◆ **Task data**
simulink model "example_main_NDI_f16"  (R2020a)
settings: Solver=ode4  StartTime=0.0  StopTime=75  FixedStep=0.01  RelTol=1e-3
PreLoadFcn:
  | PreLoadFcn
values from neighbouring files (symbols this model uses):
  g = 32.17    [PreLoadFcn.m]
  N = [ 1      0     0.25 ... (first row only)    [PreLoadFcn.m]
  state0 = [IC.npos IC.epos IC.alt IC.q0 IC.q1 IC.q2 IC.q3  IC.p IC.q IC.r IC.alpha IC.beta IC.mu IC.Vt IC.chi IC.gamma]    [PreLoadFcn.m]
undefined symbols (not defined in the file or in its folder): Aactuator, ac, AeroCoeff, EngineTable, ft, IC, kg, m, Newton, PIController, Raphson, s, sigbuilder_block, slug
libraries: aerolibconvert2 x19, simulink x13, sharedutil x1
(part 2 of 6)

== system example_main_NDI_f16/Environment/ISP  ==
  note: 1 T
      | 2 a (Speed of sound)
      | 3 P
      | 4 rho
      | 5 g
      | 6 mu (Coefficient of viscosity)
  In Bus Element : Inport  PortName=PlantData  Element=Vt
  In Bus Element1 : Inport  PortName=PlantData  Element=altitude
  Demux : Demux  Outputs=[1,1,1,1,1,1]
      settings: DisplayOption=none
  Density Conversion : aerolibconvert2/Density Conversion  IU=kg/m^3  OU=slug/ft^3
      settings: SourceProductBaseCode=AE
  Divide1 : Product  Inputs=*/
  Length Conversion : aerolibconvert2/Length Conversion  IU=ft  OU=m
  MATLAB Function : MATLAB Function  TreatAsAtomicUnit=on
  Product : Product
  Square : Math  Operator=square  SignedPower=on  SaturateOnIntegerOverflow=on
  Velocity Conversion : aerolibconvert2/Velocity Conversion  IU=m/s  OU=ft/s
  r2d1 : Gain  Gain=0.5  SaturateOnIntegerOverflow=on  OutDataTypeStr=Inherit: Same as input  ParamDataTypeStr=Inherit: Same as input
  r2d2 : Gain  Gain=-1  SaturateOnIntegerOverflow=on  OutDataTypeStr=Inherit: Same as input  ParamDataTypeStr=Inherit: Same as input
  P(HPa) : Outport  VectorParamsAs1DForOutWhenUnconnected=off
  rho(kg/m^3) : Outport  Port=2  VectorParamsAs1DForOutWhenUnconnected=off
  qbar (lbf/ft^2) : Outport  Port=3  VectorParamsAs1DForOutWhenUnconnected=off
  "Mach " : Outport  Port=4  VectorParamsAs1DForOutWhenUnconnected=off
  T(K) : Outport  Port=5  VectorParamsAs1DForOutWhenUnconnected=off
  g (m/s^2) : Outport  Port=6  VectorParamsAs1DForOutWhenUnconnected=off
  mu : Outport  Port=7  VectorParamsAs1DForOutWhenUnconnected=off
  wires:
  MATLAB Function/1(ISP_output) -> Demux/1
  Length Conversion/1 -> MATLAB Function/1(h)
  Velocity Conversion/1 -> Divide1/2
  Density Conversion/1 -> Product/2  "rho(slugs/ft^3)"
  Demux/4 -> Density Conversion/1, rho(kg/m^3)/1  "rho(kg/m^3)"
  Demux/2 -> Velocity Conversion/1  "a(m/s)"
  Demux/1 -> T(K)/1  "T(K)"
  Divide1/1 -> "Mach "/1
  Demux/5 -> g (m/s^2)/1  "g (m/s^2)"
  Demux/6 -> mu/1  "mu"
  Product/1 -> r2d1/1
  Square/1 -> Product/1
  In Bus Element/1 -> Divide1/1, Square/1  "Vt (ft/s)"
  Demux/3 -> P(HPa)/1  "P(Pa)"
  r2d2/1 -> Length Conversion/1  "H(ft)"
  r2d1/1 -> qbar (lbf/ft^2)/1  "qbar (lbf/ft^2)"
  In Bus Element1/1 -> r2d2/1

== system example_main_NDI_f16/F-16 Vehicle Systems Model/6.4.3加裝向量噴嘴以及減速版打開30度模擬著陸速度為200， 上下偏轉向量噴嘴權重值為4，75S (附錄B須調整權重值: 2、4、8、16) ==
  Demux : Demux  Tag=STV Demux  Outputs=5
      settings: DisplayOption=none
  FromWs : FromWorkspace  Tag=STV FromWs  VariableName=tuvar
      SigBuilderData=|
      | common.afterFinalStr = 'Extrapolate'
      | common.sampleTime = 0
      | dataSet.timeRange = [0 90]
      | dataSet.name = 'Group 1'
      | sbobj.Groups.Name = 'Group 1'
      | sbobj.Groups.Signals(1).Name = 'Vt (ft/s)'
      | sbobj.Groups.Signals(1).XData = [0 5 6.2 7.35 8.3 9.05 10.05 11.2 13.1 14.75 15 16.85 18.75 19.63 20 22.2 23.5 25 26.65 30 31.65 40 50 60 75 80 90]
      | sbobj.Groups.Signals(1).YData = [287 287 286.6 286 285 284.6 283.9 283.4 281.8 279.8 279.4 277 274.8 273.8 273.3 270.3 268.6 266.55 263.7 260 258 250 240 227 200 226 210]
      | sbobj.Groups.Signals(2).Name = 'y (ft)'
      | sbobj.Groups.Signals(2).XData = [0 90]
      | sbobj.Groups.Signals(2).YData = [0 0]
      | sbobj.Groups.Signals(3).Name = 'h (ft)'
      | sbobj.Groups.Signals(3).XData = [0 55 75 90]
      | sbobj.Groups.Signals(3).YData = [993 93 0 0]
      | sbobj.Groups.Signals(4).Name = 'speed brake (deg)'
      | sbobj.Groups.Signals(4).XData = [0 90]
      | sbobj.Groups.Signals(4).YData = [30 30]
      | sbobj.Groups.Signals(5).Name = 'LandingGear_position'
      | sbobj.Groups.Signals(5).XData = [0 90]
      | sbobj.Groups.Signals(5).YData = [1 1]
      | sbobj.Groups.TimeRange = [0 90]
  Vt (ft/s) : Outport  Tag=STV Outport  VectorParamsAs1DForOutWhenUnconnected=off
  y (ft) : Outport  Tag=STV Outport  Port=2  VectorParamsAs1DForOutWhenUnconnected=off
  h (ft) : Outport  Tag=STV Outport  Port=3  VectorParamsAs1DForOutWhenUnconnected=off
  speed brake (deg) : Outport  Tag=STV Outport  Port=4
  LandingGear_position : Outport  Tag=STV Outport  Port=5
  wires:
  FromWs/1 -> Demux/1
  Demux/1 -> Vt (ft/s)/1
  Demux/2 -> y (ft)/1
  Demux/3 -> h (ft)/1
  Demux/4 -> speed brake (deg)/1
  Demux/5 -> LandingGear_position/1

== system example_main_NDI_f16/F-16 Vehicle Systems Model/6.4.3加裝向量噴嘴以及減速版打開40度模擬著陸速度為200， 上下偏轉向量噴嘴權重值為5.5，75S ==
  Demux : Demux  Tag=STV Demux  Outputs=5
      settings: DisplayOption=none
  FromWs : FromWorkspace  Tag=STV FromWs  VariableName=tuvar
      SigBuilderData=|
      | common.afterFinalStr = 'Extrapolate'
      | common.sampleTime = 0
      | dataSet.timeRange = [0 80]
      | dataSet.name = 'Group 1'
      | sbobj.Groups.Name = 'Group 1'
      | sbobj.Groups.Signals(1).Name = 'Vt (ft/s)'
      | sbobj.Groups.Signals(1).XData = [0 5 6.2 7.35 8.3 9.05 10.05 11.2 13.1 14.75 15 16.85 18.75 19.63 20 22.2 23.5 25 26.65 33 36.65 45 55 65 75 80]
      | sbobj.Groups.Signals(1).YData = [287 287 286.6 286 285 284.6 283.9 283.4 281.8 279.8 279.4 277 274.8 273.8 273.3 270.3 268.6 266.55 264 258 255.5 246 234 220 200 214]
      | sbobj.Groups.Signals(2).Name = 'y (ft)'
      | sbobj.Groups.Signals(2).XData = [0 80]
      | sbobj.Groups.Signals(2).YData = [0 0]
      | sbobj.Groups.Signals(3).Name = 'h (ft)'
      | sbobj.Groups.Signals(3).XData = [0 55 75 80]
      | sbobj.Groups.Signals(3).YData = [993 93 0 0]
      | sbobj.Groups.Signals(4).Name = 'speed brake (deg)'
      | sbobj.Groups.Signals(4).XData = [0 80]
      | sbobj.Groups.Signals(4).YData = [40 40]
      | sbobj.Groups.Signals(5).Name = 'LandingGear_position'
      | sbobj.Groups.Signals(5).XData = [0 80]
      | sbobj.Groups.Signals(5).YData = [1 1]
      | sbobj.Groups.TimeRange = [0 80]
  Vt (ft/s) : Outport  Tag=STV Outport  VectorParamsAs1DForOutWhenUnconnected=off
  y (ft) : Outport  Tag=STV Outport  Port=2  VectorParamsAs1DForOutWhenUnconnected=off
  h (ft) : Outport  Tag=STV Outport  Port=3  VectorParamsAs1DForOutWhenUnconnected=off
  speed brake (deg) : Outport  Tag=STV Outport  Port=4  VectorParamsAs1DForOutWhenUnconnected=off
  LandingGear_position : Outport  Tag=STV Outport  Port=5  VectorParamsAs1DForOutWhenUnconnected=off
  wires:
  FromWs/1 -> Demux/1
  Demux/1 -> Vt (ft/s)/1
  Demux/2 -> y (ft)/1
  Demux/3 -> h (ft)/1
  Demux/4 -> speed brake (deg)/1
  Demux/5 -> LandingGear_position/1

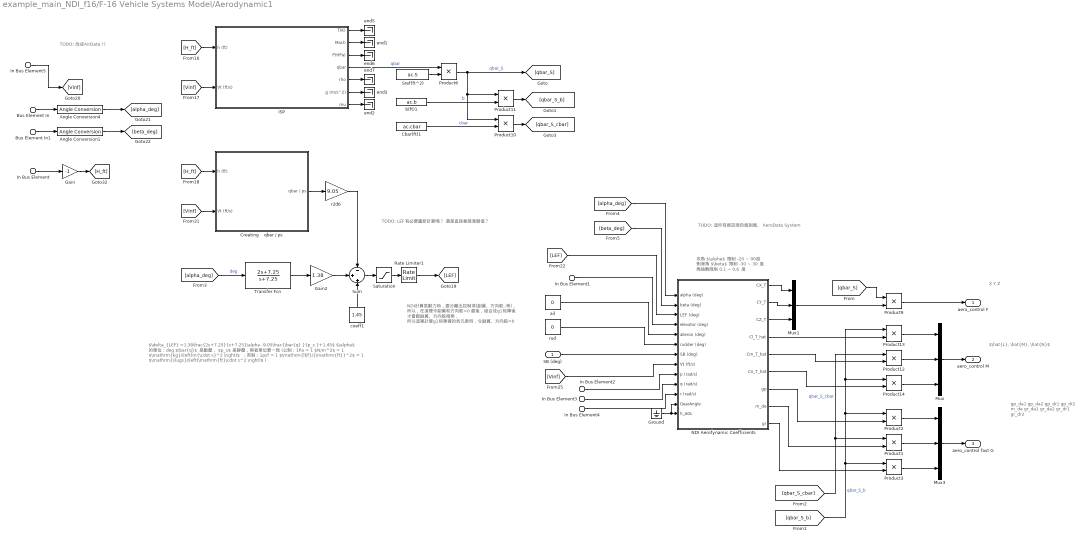
== system example_main_NDI_f16/F-16 Vehicle Systems Model/Aerodynamic1 ==
  note: NDI計算氣動力時，要分離出控制項(副翼、方向舵..等)，
      | 所以，在這裡令副翼和方向舵=0
      | 最後，組合成g1矩陣後 才會跟副翼、方向舵相乘，
      | 所以這裡計算g1矩陣裡的各元素時，令副翼、方向舵=0
  note: TODO: LEF有必要重新計算嗎？
      | 還是直接拿感測器值？
  note: X
      | Y
      | Z
  note: gp_da1
      | gp_da2
      | gp_dr1
      | gp_dr2
      | m_de
      | gr_da1
      | gr_da2
      | gr_dr1
      | gr_dr2
  note: $\delta_{LEF} =1.38\frac{2s+7.25}{s+7.25}\alpha -9.05\frac{\bar{q} }{p_s }+1.45$
      | $\alpha$ 的單位：deg
      | $\bar{q}$ 是動壓， $p_s$ 是靜壓，兩者單位要一致 (公制：1Pa = 1 $N/m^2$ = 1 $\mathrm{kg}/\left(m{\cdot s}^2 \right)$ ；英制：1psf = 1 $\mathrm{lbf}/{\mathrm{ft}}^2$ = 1 $\mathrm{slugs}/\left(\mathrm{ft}\cdot s^2 \right)$ )
  note: $\hat{L}, \hat{M}, \hat{N}$
  note: TODO: 這所有資訊源自感測器、
      | AeroData System
  note: TODO: 改成AirData !?
  note: 攻角 $\alpha$ 限制 -20 ~ 90度
      | 側滑角 $\beta$ 限制 -30 ~ 30 度
      | 馬赫數限制 0.1 ~ 0.6 度
  SB (deg) : Inport  Unit=deg
  In Bus Element : Inport  Port=2  PortName=PlantData  Element=altitude
  In Bus Element1 : Inport  Port=2  PortName=PlantData  Element=AeroActBus.Elevator_deg
  In Bus Element2 : Inport  Port=2  PortName=PlantData  Element=p
  In Bus Element3 : Inport  Port=2  PortName=PlantData  Element=q
  In Bus Element4 : Inport  Port=2  PortName=PlantData  Element=r
  In Bus Element5 : Inport  Port=2  PortName=PlantData  Element=Vt
  Bus Element In : Inport  Port=3  PortName=AirData  Element=alpha
  Bus Element In1 : Inport  Port=3  PortName=AirData  Element=beta
  Angle Conversion1 : aerolibconvert2/Angle Conversion  IU=rad  OU=deg
  Angle Conversion4 : aerolibconvert2/Angle Conversion  IU=rad  OU=deg
  Cbar(ft)1 : Constant  Value=ac.cbar
  Creating    qbar / ps : Subsystem
  Gain : Gain  Gain=-1
  Gain2 : Gain  Gain=1.38  SaturateOnIntegerOverflow=on  OutDataTypeStr=Inherit: Same as input  ParamDataTypeStr=Inherit: Same as input
  Ground : Ground
  "ISP " : Subsystem
  Mux : Mux  Inputs=3
  Mux1 : Mux  Inputs=3
  Mux3 : Mux  Inputs=3
  NDI Aerofynamic Coefficients : Subsystem
  Product{1..3,6,9..14} (10 alike) : Product
  Rate Limiter1 : RateLimiter  RisingSlewLimit=Aactuator.LEF.RateLimitUpper  FallingSlewLimit=Aactuator.LEF.RateLimitLower  SampleTimeMode=inherited  InitialCondition=Aactuator.LEF.IntegratorInitial
  Saturation : Saturate  UpperLimit=Aactuator.LEF.AngleLimitUpper  LowerLimit=Aactuator.LEF.AngleLimitLower
  Sref(ft^2) : Constant  Value=ac.S
  Sum : Sum  Inputs=-|+|+  InputSameDT=on  SaturateOnIntegerOverflow=on  OutDataTypeStr=Inherit: Same as first input
  Transfer Fcn : TransferFcn  Numerator=[2 7.25]  Denominator=[1 7.25]
  ail : Constant  Value=0
  b(ft)1 : Constant  Value=ac.b
  coeff1 : Constant  Value=1.45
  end{1..3,5..7} (6 alike) : Terminator
  r2d6 : Gain  Gain=9.05  SaturateOnIntegerOverflow=on  OutDataTypeStr=Inherit: Same as input  ParamDataTypeStr=Inherit: Same as input
  rud : Constant  Value=0
  aero_control F : Outport  VectorParamsAs1DForOutWhenUnconnected=off
  aero_control M : Outport  Port=2  VectorParamsAs1DForOutWhenUnconnected=off
  aero_control fast G : Outport  Port=3  VectorParamsAs1DForOutWhenUnconnected=off
  wires:
  [Vinf] -> "ISP "/2(Vt (ft/s))
  "ISP "/2("Mach ") -> end1/1
  "ISP "/7(mu) -> end2/1
  "ISP "/6(g (m/s^2)) -> end3/1
  "ISP "/5(rho) -> end7/1
  "ISP "/4("qbar ") -> Product6/1  "qbar"
  "ISP "/3(P(HPa)) -> end6/1
  "ISP "/1(T(K)) -> end5/1
  r2d6/1 -> Sum/1
  Creating    qbar / ps/1(qbar / ps) -> r2d6/1
  [alpha_deg] -> Transfer Fcn/1  "deg"
  [Vinf] -> Creating    qbar / ps/2(Vt (ft/s))
  coeff1/1 -> Sum/3
  [H_ft] -> Creating    qbar / ps/1(h (ft))
  [H_ft] -> "ISP "/1(h (ft))
  Sum/1 -> Saturation/1
  Saturation/1 -> Rate Limiter1/1
  Rate Limiter1/1 -> [LEF]
  Transfer Fcn/1 -> Gain2/1
  In Bus Element/1 -> Gain/1
  Gain/1 -> [H_ft]
  Cbar(ft)1/1 -> Product10/2  "cbar"
  b(ft)1/1 -> Product11/2  "b"
  Sref(ft^2)/1 -> Product6/2
  Product10/1 -> [qbar_S_cbar]
  Product6/1 -> Product11/1, Product10/1, [qbar_S]  "qbar_S"
  Product11/1 -> [qbar_S_b]
  [qbar_S] -> Product9/1
  Product9/1 -> aero_control F/1
  Product12/1 -> Mux/2
  Product13/1 -> Mux/1
  Product14/1 -> Mux/3
  Mux/1 -> aero_control M/1
  NDI Aerofynamic Coefficients/4(Cl_T_hat) -> Product13/2
  NDI Aerofynamic Coefficients/5(Cm_T_hat) -> Product12/2
  NDI Aerofynamic Coefficients/6(Cn_T_hat) -> Product14/2
  NDI Aerofynamic Coefficients/1(CX_T) -> Mux1/1
  NDI Aerofynamic Coefficients/2(CY_T) -> Mux1/2
  NDI Aerofynamic Coefficients/3(CZ_T) -> Mux1/3
  Mux1/1 -> Product9/2
  [qbar_S_b] -> Product13/1, Product14/1, Product2/1, Product3/1  "qbar_S_b"
  Product3/1 -> Mux3/3
  Product1/1 -> Mux3/2
  Product2/1 -> Mux3/1
  NDI Aerofynamic Coefficients/7(gp) -> Product2/2
  [qbar_S_cbar] -> Product12/1, Product1/1  "qbar_S_cbar"
  NDI Aerofynamic Coefficients/9(gr) -> Product3/2
  NDI Aerofynamic Coefficients/8(m_de) -> Product1/2
  Mux3/1 -> aero_control fast G/1
  [Vinf] -> NDI Aerofynamic Coefficients/8(Vt (ft/s))
  SB (deg)/1 -> NDI Aerofynamic Coefficients/7(SB (deg))
  [LEF] -> NDI Aerofynamic Coefficients/3(LEF (deg))
  rud/1 -> NDI Aerofynamic Coefficients/6(rudder (deg))
  ail/1 -> NDI Aerofynamic Coefficients/5(alieron (deg))
  In Bus Element1/1 -> NDI Aerofynamic Coefficients/4(elevator (deg))
  [beta_deg] -> NDI Aerofynamic Coefficients/2(beta (deg))
  [alpha_deg] -> NDI Aerofynamic Coefficients/1(alpha (deg))
  In Bus Element2/1 -> NDI Aerofynamic Coefficients/9(p (rad/s))
  In Bus Element3/1 -> NDI Aerofynamic Coefficients/10(q (rad/s))
  In Bus Element4/1 -> NDI Aerofynamic Coefficients/11(r (rad/s))
  Ground/1 -> NDI Aerofynamic Coefficients/12(GearAngle), NDI Aerofynamic Coefficients/13(h_AGL)
  Gain2/1 -> Sum/2
  Bus Element In/1 -> Angle Conversion4/1
  Angle Conversion4/1 -> [alpha_deg]
  Angle Conversion1/1 -> [beta_deg]
  Bus Element In1/1 -> Angle Conversion1/1
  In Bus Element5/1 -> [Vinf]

◆ **Exercise instructions**
Search the entries for "MATLAB" and copy out each line that has it.

◆ **Answer box**
  MATLAB Function : MATLAB Function  TreatAsAtomicUnit=on
  MATLAB Function/1(ISP_output) -> Demux/1
  Length Conversion/1 -> MATLAB Function/1(h)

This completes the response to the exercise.